──────── Exercise data
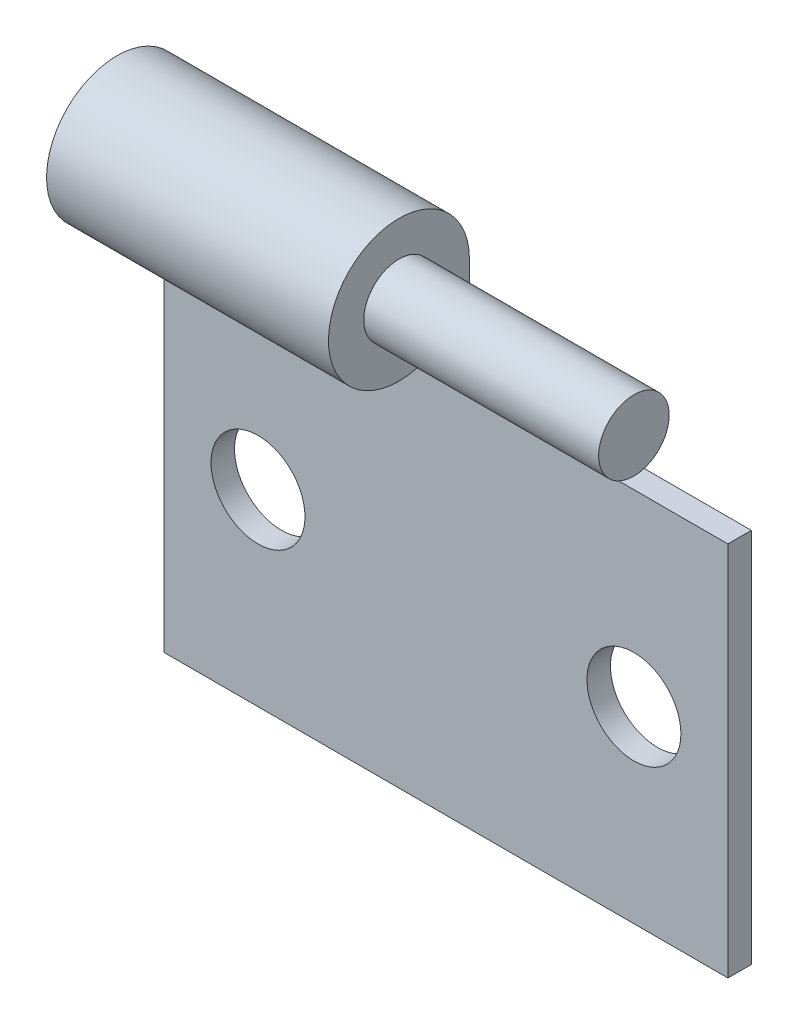
from build123d import *

# Parameters (mm, degrees)
SKETCH1_W           = 76.2
SKETCH1_H           = 50.8
SKETCH1_R           = 6.35
BOSS_EXTRUDE1_DEPTH = 3.175
BOSS_EXTRUDE2_DEPTH = 38.1
FILLET1_R           = 3.175
SKETCH3_2_R         = 4.7625
BOSS_EXTRUDE3_DEPTH = 31.75


with BuildPart() as part:
    # Sketch1 → Boss-Extrude1 (new body)
    with BuildSketch(Plane.XY):
        Rectangle(SKETCH1_W, SKETCH1_H)
        with Locations((-25.4, 0)):
            Circle(SKETCH1_R, mode=Mode.SUBTRACT)
        with Locations((25.4, 0)):
            Circle(SKETCH1_R, mode=Mode.SUBTRACT)
    extrude(amount=BOSS_EXTRUDE1_DEPTH)

    # Sketch2 → Boss-Extrude2 (add)
    with BuildSketch(Plane(origin=(0, 0, 0), x_dir=(0, 0, -1), z_dir=(1, 0, 0))):
        with BuildLine():
            Line((0, 38.1), (0, 25.4))
            Line((0, 25.4), (-3.175, 25.4))
            Line((-3.175, 25.4), (-3.175, 31.000484171))
            ThreePointArc((-3.175, 31.000484171), (-18.2200956, 41.988564967), (0, 38.1))
        make_face()
    extrude(amount=-BOSS_EXTRUDE2_DEPTH)

    # Fillet1
    fillet1_edges = [part.edges().sort_by_distance(p)[0] for p in [
        (-19.05, 31.000484171, 3.175),
    ]]
    fillet(fillet1_edges, radius=FILLET1_R)

    # Sketch3<2> → Boss-Extrude3 (add)
    with BuildSketch(Plane(origin=(0, 0, 0), x_dir=(0, 0, -1), z_dir=(1, 0, 0))):
        with Locations((-9.525, 38.1)):
            Circle(SKETCH3_2_R)
    extrude(amount=BOSS_EXTRUDE3_DEPTH)


solid = part.part
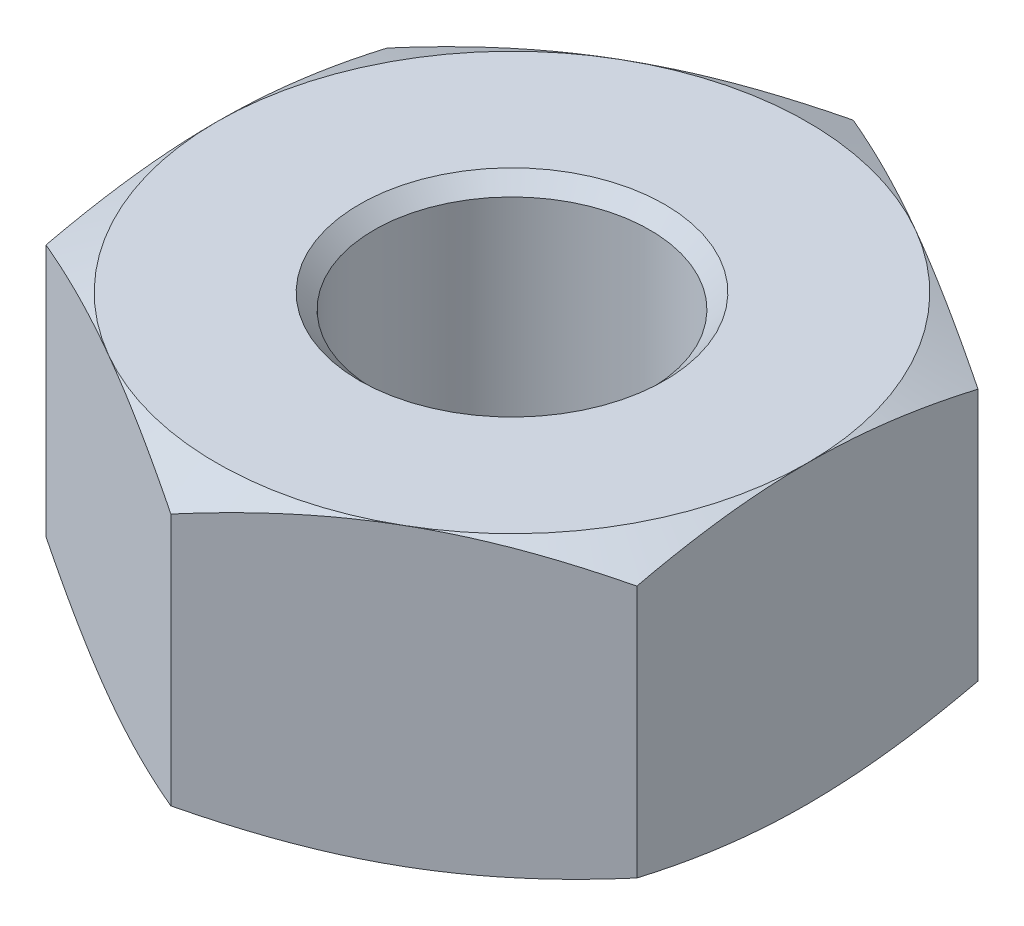
from build123d import *

# Parameters (mm, degrees)
SKETCH1_R           = 1.4
BOSS_EXTRUDE1_DEPTH = 1.5
CHAMFER1_SIZE       = 0.15


with BuildPart() as part:
    # Sketch1 → Boss-Extrude1 (new, symmetric)
    with BuildSketch(Plane(origin=(0, 0, 0), x_dir=(1, 0, 0), z_dir=(0, 1, 0))):
        Polygon((0, 3.464101615), (-3, 1.732050808), (-3, -1.732050808), (0, -3.464101615), (3, -1.732050808), (3, 1.732050808), align=None)
        with Locations(Location((0, 0, 0), (0, 0, 270))):
            Circle(SKETCH1_R, mode=Mode.SUBTRACT)
    extrude(amount=BOSS_EXTRUDE1_DEPTH, both=True)

    # Chamfer1
    chamfer1_edges = [part.edges().sort_by_distance(p)[0] for p in [
        (0, -1.5, -1.4),
        (0, 1.5, -1.4),
    ]]
    chamfer(chamfer1_edges, length=CHAMFER1_SIZE)

    # Sketch2 → Cut-Revolve1 (revolve, cut)
    with BuildSketch(Plane.XY):
        Polygon((-3, 1.5), (-5, 0.567384684), (-5, 1.5), align=None)
    cut_revolve1 = revolve(axis=Axis((0, 0, 0), (0, 1, 0)), mode=Mode.SUBTRACT)

    # Mirror1: Cut-Revolve1 across plane
    add(cut_revolve1.mirror(Plane.ZX), mode=Mode.SUBTRACT)


solid = part.part
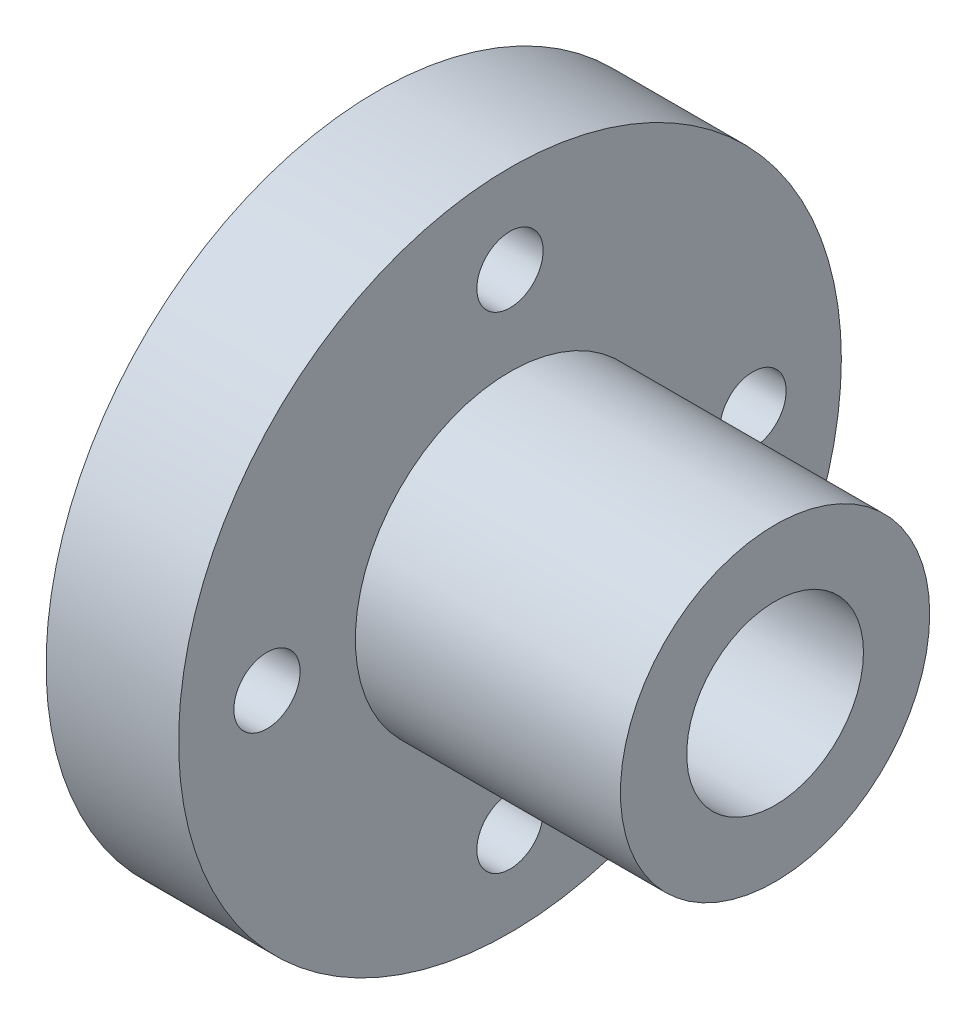
from build123d import *

# Parameters (mm, degrees)
SKETCH_2_R          = 1.5
CUT_EXTRUDE_1_DEPTH = 28.820855486


with BuildPart() as part:
    # Эскиз1 → Повернуть1 (revolve)
    with BuildSketch(Plane.XY, mode=Mode.PRIVATE) as revolve_1_sk:
        Polygon((0, 4), (0, 7), (2, 7), (2, 15), (8, 15), (8, 7), (20, 7), (20, 4), align=None)
    revolve(revolve_1_sk.sketch.rotate(Axis((8, 0, 0), (-1, 0, 0)), 90), axis=Axis((8, 0, 0), (-1, 0, 0)))

    # Эскиз2 → Вырез-Вытянуть1 (cut, through all)
    with BuildSketch(Plane.ZY.offset(-2)):
        with Locations((0, 11)):
            Circle(SKETCH_2_R)
        with Locations((-11, 0)):
            Circle(SKETCH_2_R)
        with Locations((0, -11)):
            Circle(SKETCH_2_R)
        with Locations((11, 0)):
            Circle(SKETCH_2_R)
    extrude(amount=-CUT_EXTRUDE_1_DEPTH, mode=Mode.SUBTRACT)


solid = part.part
────────────────
* Exercise instructions:
One number is the full answer: how many lines of the records include the string "Polygon".

* Written solution:
3